▸ **Your objective**
How many of the lines below hold "BRANCO"? Only the number, please.

▸ **Dataset entries**
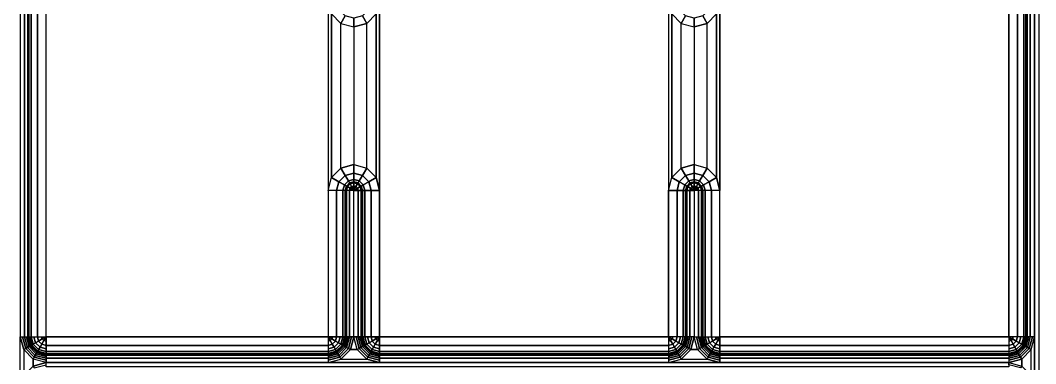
# Model space of a CAD drawing. Extents: x 0 to 500, y -450 to 0.
# Drawn here: x 0 to 295.3, y -297.3 to -197.6 of the extents above; entities that cross this region are included whole.
import ezdxf

# ---------------------------------------------------------------- set-up
doc = ezdxf.new("R2010")
doc.units = 0
doc.layers.add('BRANCO', color=7, linetype='CONTINUOUS')

msp = doc.modelspace()

# ---------------------------------------------------------------- linework, layer by layer
at = {"layer": 'BRANCO'}
for points in [[(0, -7.5, 45), (0, -289.5, 45), (1.25, -289.5, 44.67), (1.25, -7.5, 44.67)], [(1.25, -7.5, 44.67), (1.25, -289.5, 44.67), (2.16, -289.5, 43.75), (2.16, -7.5, 43.75)], [(2.16, -7.5, 43.75), (2.16, -289.5, 43.75), (2.5, -289.5, 42.5), (2.5, -7.5, 42.5)], [(2.5, -7.5, 42.5), (2.5, -289.5, 42.5), (2.5, -289.5, 5), (2.5, -7.5, 5)], [(2.5, -7.5, 5), (2.5, -289.5, 5), (3.17, -289.5, 2.5), (3.17, -7.5, 2.5)], [(3.17, -7.5, 2.5), (3.17, -289.5, 2.5), (5, -289.5, 0.67), (5, -7.5, 0.67)], [(5, -7.5, 0.67), (5, -289.5, 0.67), (7.5, -289.5), (7.5, -7.5)], [(89.5, -289.5), (7.5, -289.5), (7.5, -7.5), (89.5, -7.5)], [(188.5, -289.5), (104.5, -289.5), (104.5, -7.5), (188.5, -7.5)], [(287.5, -289.5), (203.5, -289.5), (203.5, -7.5), (287.5, -7.5)], [(290, -7.5, 0.67), (290, -289.5, 0.67), (287.5, -289.5), (287.5, -7.5)], [(291.83, -7.5, 2.5), (291.83, -289.5, 2.5), (290, -289.5, 0.67), (290, -7.5, 0.67)], [(292.5, -7.5, 5), (292.5, -289.5, 5), (291.83, -289.5, 2.5), (291.83, -7.5, 2.5)], [(292.83, -7.5, 43.75), (292.83, -289.5, 43.75), (292.5, -289.5, 42.5), (292.5, -7.5, 42.5)], [(292.5, -7.5, 42.5), (292.5, -289.5, 42.5), (292.5, -289.5, 5), (292.5, -7.5, 5)], [(293.75, -7.5, 44.67), (293.75, -289.5, 44.67), (292.83, -289.5, 43.75), (292.83, -7.5, 43.75)], [(295, -7.5, 45), (295, -289.5, 45), (293.75, -289.5, 44.67), (293.75, -7.5, 44.67)], [(296.25, -7.5, 44.67), (296.25, -442.5, 44.67), (295, -442.5, 45), (295, -7.5, 45)], [(89.5, -247), (90.5, -243.25), (90.5, -195.75), (89.5, -192)], [(90.5, -195.75), (93.25, -198.49), (94.5, -196.33, 0.67), (92.67, -194.5, 0.67)], [(100.75, -198.49), (103.49, -195.75), (101.33, -194.5, 0.67), (99.5, -196.33, 0.67)], [(104.5, -247), (103.49, -243.25), (103.49, -195.75), (104.5, -192)], [(188.5, -247), (189.5, -243.25), (189.5, -195.75), (188.5, -192)], [(189.5, -195.75), (192.25, -198.49), (193.5, -196.33, 0.67), (191.67, -194.5, 0.67)], [(199.75, -198.49), (202.49, -195.75), (200.33, -194.5, 0.67), (198.5, -196.33, 0.67)], [(203.5, -247), (202.49, -243.25), (202.49, -195.75), (203.5, -192)], [(90.5, -243.25), (93.25, -240.5), (93.25, -198.49), (90.5, -195.75)], [(93.25, -198.49), (97, -199.5), (97, -197, 0.67), (94.5, -196.33, 0.67)], [(97, -199.5), (100.75, -198.49), (99.5, -196.33, 0.67), (97, -197, 0.67)], [(103.49, -243.25), (100.75, -240.5), (100.75, -198.49), (103.49, -195.75)], [(189.5, -243.25), (192.25, -240.5), (192.25, -198.49), (189.5, -195.75)], [(192.25, -198.49), (196, -199.5), (196, -197, 0.67), (193.5, -196.33, 0.67)], [(196, -199.5), (199.75, -198.49), (198.5, -196.33, 0.67), (196, -197, 0.67)], [(202.49, -243.25), (199.75, -240.5), (199.75, -198.49), (202.49, -195.75)], [(93.25, -198.49), (97, -199.5), (97, -239.5), (93.25, -240.5)], [(100.75, -198.49), (97, -199.5), (97, -239.5), (100.75, -240.5)], [(192.25, -198.49), (196, -199.5), (196, -239.5), (192.25, -240.5)], [(199.75, -198.49), (196, -199.5), (196, -239.5), (199.75, -240.5)], [(90.5, -243.25), (93.25, -240.5), (94.5, -242.66, 0.67), (92.67, -244.5, 0.67)], [(93.25, -240.5), (97, -239.5), (97, -242, 0.67), (94.5, -242.66, 0.67)], [(94.5, -242.66, 0.67), (97, -242, 0.67), (97, -243.83, 2.5), (95.41, -244.25, 2.5)], [(97, -239.5), (100.75, -240.5), (99.5, -242.66, 0.67), (97, -242, 0.67)], [(97, -242, 0.67), (99.5, -242.66, 0.67), (98.58, -244.25, 2.5), (97, -243.83, 2.5)], [(100.75, -240.5), (103.49, -243.25), (101.33, -244.5, 0.67), (99.5, -242.66, 0.67)], [(189.5, -243.25), (192.25, -240.5), (193.5, -242.66, 0.67), (191.67, -244.5, 0.67)], [(192.25, -240.5), (196, -239.5), (196, -242, 0.67), (193.5, -242.66, 0.67)], [(193.5, -242.66, 0.67), (196, -242, 0.67), (196, -243.83, 2.5), (194.41, -244.25, 2.5)], [(196, -239.5), (199.75, -240.5), (198.5, -242.66, 0.67), (196, -242, 0.67)], [(196, -242, 0.67), (198.5, -242.66, 0.67), (197.58, -244.25, 2.5), (196, -243.83, 2.5)], [(199.75, -240.5), (202.49, -243.25), (200.33, -244.5, 0.67), (198.5, -242.66, 0.67)], [(89.5, -247), (90.5, -243.25), (92.67, -244.5, 0.67), (92, -247, 0.67)], [(92, -247, 0.67), (92.67, -244.5, 0.67), (94.25, -245.41, 2.5), (93.83, -247, 2.5)], [(92.67, -244.5, 0.67), (94.5, -242.66, 0.67), (95.41, -244.25, 2.5), (94.25, -245.41, 2.5)], [(94.25, -245.41, 2.5), (95.41, -244.25, 2.5), (95.75, -244.83, 5), (94.83, -245.75, 5)], [(94.83, -245.75, 5), (95.75, -244.83, 5), (95.75, -244.83, 42.5), (94.83, -245.75, 42.5)], [(94.83, -245.75, 42.5), (95.75, -244.83, 42.5), (95.91, -245.12, 43.75), (95.12, -245.91, 43.75)], [(95.41, -244.25, 2.5), (97, -243.83, 2.5), (97, -244.5, 5), (95.75, -244.83, 5)], [(95.75, -244.83, 5), (97, -244.5, 5), (97, -244.5, 42.5), (95.75, -244.83, 42.5)], [(95.75, -244.83, 42.5), (97, -244.5, 42.5), (97, -244.83, 43.75), (95.91, -245.12, 43.75)], [(95.91, -245.12, 43.75), (97, -244.83, 43.75), (97, -245.75, 44.67), (96.37, -245.91, 44.67)], [(97, -243.83, 2.5), (98.58, -244.25, 2.5), (98.25, -244.83, 5), (97, -244.5, 5)], [(97, -244.5, 5), (98.25, -244.83, 5), (98.25, -244.83, 42.5), (97, -244.5, 42.5)], [(97, -244.5, 42.5), (98.25, -244.83, 42.5), (98.08, -245.12, 43.75), (97, -244.83, 43.75)], [(97, -244.83, 43.75), (98.08, -245.12, 43.75), (97.62, -245.91, 44.67), (97, -245.75, 44.67)], [(98.25, -244.83, 42.5), (99.16, -245.75, 42.5), (98.87, -245.91, 43.75), (98.08, -245.12, 43.75)], [(98.58, -244.25, 2.5), (99.74, -245.41, 2.5), (99.16, -245.75, 5), (98.25, -244.83, 5)], [(98.25, -244.83, 5), (99.16, -245.75, 5), (99.16, -245.75, 42.5), (98.25, -244.83, 42.5)], [(99.5, -242.66, 0.67), (101.33, -244.5, 0.67), (99.74, -245.41, 2.5), (98.58, -244.25, 2.5)], [(101.33, -244.5, 0.67), (102, -247, 0.67), (100.17, -247, 2.5), (99.74, -245.41, 2.5)], [(103.49, -243.25), (104.5, -247), (102, -247, 0.67), (101.33, -244.5, 0.67)], [(188.5, -247), (189.5, -243.25), (191.67, -244.5, 0.67), (191, -247, 0.67)], [(191, -247, 0.67), (191.67, -244.5, 0.67), (193.25, -245.41, 2.5), (192.83, -247, 2.5)], [(191.67, -244.5, 0.67), (193.5, -242.66, 0.67), (194.41, -244.25, 2.5), (193.25, -245.41, 2.5)], [(193.25, -245.41, 2.5), (194.41, -244.25, 2.5), (194.75, -244.83, 5), (193.83, -245.75, 5)], [(193.83, -245.75, 5), (194.75, -244.83, 5), (194.75, -244.83, 42.5), (193.83, -245.75, 42.5)], [(193.83, -245.75, 42.5), (194.75, -244.83, 42.5), (194.91, -245.12, 43.75), (194.12, -245.91, 43.75)], [(194.41, -244.25, 2.5), (196, -243.83, 2.5), (196, -244.5, 5), (194.75, -244.83, 5)], [(194.75, -244.83, 5), (196, -244.5, 5), (196, -244.5, 42.5), (194.75, -244.83, 42.5)], [(194.75, -244.83, 42.5), (196, -244.5, 42.5), (196, -244.83, 43.75), (194.91, -245.12, 43.75)], [(194.91, -245.12, 43.75), (196, -244.83, 43.75), (196, -245.75, 44.67), (195.37, -245.91, 44.67)], [(196, -243.83, 2.5), (197.58, -244.25, 2.5), (197.25, -244.83, 5), (196, -244.5, 5)], [(196, -244.5, 5), (197.25, -244.83, 5), (197.25, -244.83, 42.5), (196, -244.5, 42.5)], [(196, -244.5, 42.5), (197.25, -244.83, 42.5), (197.08, -245.12, 43.75), (196, -244.83, 43.75)], [(196, -244.83, 43.75), (197.08, -245.12, 43.75), (196.62, -245.91, 44.67), (196, -245.75, 44.67)], [(197.25, -244.83, 42.5), (198.16, -245.75, 42.5), (197.87, -245.91, 43.75), (197.08, -245.12, 43.75)], [(197.58, -244.25, 2.5), (198.74, -245.41, 2.5), (198.16, -245.75, 5), (197.25, -244.83, 5)], [(197.25, -244.83, 5), (198.16, -245.75, 5), (198.16, -245.75, 42.5), (197.25, -244.83, 42.5)], [(198.5, -242.66, 0.67), (200.33, -244.5, 0.67), (198.74, -245.41, 2.5), (197.58, -244.25, 2.5)], [(200.33, -244.5, 0.67), (201, -247, 0.67), (199.17, -247, 2.5), (198.74, -245.41, 2.5)], [(202.49, -243.25), (203.5, -247), (201, -247, 0.67), (200.33, -244.5, 0.67)], [(89.5, -247), (89.5, -289.5), (92, -289.5, 0.67), (92, -247, 0.67)], [(92, -247, 0.67), (92, -289.5, 0.67), (93.83, -289.5, 2.5), (93.83, -247, 2.5)], [(93.83, -247, 2.5), (94.25, -245.41, 2.5), (94.83, -245.75, 5), (94.5, -247, 5)], [(93.83, -247, 2.5), (93.83, -289.5, 2.5), (94.5, -289.5, 5), (94.5, -247, 5)], [(94.5, -247, 5), (94.83, -245.75, 5), (94.83, -245.75, 42.5), (94.5, -247, 42.5)], [(94.5, -247, 42.5), (94.83, -245.75, 42.5), (95.12, -245.91, 43.75), (94.83, -247, 43.75)], [(94.5, -247, 5), (94.5, -289.5, 5), (94.5, -289.5, 42.5), (94.5, -247, 42.5)], [(94.5, -247, 42.5), (94.5, -289.5, 42.5), (94.83, -289.5, 43.75), (94.83, -247, 43.75)], [(94.83, -247, 43.75), (95.12, -245.91, 43.75), (95.91, -246.37, 44.67), (95.75, -247, 44.67)], [(94.83, -247, 43.75), (94.83, -289.5, 43.75), (95.75, -289.5, 44.67), (95.75, -247, 44.67)], [(95.12, -245.91, 43.75), (95.91, -245.12, 43.75), (96.37, -245.91, 44.67), (95.91, -246.37, 44.67)], [(95.75, -247, 44.67), (95.91, -246.37, 44.67), (97, -247, 45), (95.75, -247, 44.67)], [(95.75, -247, 44.67), (95.75, -289.5, 44.67), (97, -289.5, 45), (97, -247, 45)], [(95.91, -246.37, 44.67), (96.37, -245.91, 44.67), (97, -247, 45), (95.91, -246.37, 44.67)], [(96.37, -245.91, 44.67), (97, -245.75, 44.67), (97, -247, 45), (96.37, -245.91, 44.67)], [(97, -245.75, 44.67), (97.62, -245.91, 44.67), (97, -247, 45), (97, -245.75, 44.67)], [(97.62, -245.91, 44.67), (98.08, -246.37, 44.67), (97, -247, 45), (97.62, -245.91, 44.67)], [(98.08, -246.37, 44.67), (98.25, -247, 44.67), (97, -247, 45), (98.08, -246.37, 44.67)], [(98.25, -247, 44.67), (98.25, -289.5, 44.67), (97, -289.5, 45), (97, -247, 45)], [(98.08, -245.12, 43.75), (98.87, -245.91, 43.75), (98.08, -246.37, 44.67), (97.62, -245.91, 44.67)], [(98.87, -245.91, 43.75), (99.16, -247, 43.75), (98.25, -247, 44.67), (98.08, -246.37, 44.67)], [(99.16, -247, 43.75), (99.16, -289.5, 43.75), (98.25, -289.5, 44.67), (98.25, -247, 44.67)], [(99.16, -245.75, 42.5), (99.5, -247, 42.5), (99.16, -247, 43.75), (98.87, -245.91, 43.75)], [(99.74, -245.41, 2.5), (100.17, -247, 2.5), (99.5, -247, 5), (99.16, -245.75, 5)], [(99.16, -245.75, 5), (99.5, -247, 5), (99.5, -247, 42.5), (99.16, -245.75, 42.5)], [(99.5, -247, 42.5), (99.5, -289.5, 42.5), (99.16, -289.5, 43.75), (99.16, -247, 43.75)], [(100.17, -247, 2.5), (100.17, -289.5, 2.5), (99.5, -289.5, 5), (99.5, -247, 5)], [(99.5, -247, 5), (99.5, -289.5, 5), (99.5, -289.5, 42.5), (99.5, -247, 42.5)], [(102, -247, 0.67), (102, -289.5, 0.67), (100.17, -289.5, 2.5), (100.17, -247, 2.5)], [(104.5, -247), (104.5, -289.5), (102, -289.5, 0.67), (102, -247, 0.67)], [(191, -247, 0.67), (191, -289.5, 0.67), (188.5, -289.5), (188.5, -247)], [(192.83, -247, 2.5), (192.83, -289.5, 2.5), (191, -289.5, 0.67), (191, -247, 0.67)], [(192.83, -247, 2.5), (193.25, -245.41, 2.5), (193.83, -245.75, 5), (193.5, -247, 5)], [(193.5, -247, 5), (193.5, -289.5, 5), (192.83, -289.5, 2.5), (192.83, -247, 2.5)], [(193.5, -247, 5), (193.83, -245.75, 5), (193.83, -245.75, 42.5), (193.5, -247, 42.5)], [(193.5, -247, 42.5), (193.83, -245.75, 42.5), (194.12, -245.91, 43.75), (193.83, -247, 43.75)], [(193.83, -247, 43.75), (193.83, -289.5, 43.75), (193.5, -289.5, 42.5), (193.5, -247, 42.5)], [(193.5, -247, 42.5), (193.5, -289.5, 42.5), (193.5, -289.5, 5), (193.5, -247, 5)], [(193.83, -247, 43.75), (194.12, -245.91, 43.75), (194.91, -246.37, 44.67), (194.75, -247, 44.67)], [(194.75, -247, 44.67), (194.75, -289.5, 44.67), (193.83, -289.5, 43.75), (193.83, -247, 43.75)], [(194.12, -245.91, 43.75), (194.91, -245.12, 43.75), (195.37, -245.91, 44.67), (194.91, -246.37, 44.67)], [(194.75, -247, 44.67), (194.91, -246.37, 44.67), (196, -247, 45), (194.75, -247, 44.67)], [(196, -247, 45), (196, -289.5, 45), (194.75, -289.5, 44.67), (194.75, -247, 44.67)], [(194.91, -246.37, 44.67), (195.37, -245.91, 44.67), (196, -247, 45), (194.91, -246.37, 44.67)], [(195.37, -245.91, 44.67), (196, -245.75, 44.67), (196, -247, 45), (195.37, -245.91, 44.67)], [(196, -245.75, 44.67), (196.62, -245.91, 44.67), (196, -247, 45), (196, -245.75, 44.67)], [(196.62, -245.91, 44.67), (197.08, -246.37, 44.67), (196, -247, 45), (196.62, -245.91, 44.67)], [(197.08, -246.37, 44.67), (197.25, -247, 44.67), (196, -247, 45), (197.08, -246.37, 44.67)], [(196, -247, 45), (196, -289.5, 45), (197.25, -289.5, 44.67), (197.25, -247, 44.67)], [(197.08, -245.12, 43.75), (197.87, -245.91, 43.75), (197.08, -246.37, 44.67), (196.62, -245.91, 44.67)], [(197.87, -245.91, 43.75), (198.16, -247, 43.75), (197.25, -247, 44.67), (197.08, -246.37, 44.67)], [(197.25, -247, 44.67), (197.25, -289.5, 44.67), (198.16, -289.5, 43.75), (198.16, -247, 43.75)], [(198.16, -245.75, 42.5), (198.5, -247, 42.5), (198.16, -247, 43.75), (197.87, -245.91, 43.75)], [(198.74, -245.41, 2.5), (199.17, -247, 2.5), (198.5, -247, 5), (198.16, -245.75, 5)], [(198.16, -245.75, 5), (198.5, -247, 5), (198.5, -247, 42.5), (198.16, -245.75, 42.5)], [(198.16, -247, 43.75), (198.16, -289.5, 43.75), (198.5, -289.5, 42.5), (198.5, -247, 42.5)], [(198.5, -247, 42.5), (198.5, -289.5, 42.5), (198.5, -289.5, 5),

▸ **Answer space**
2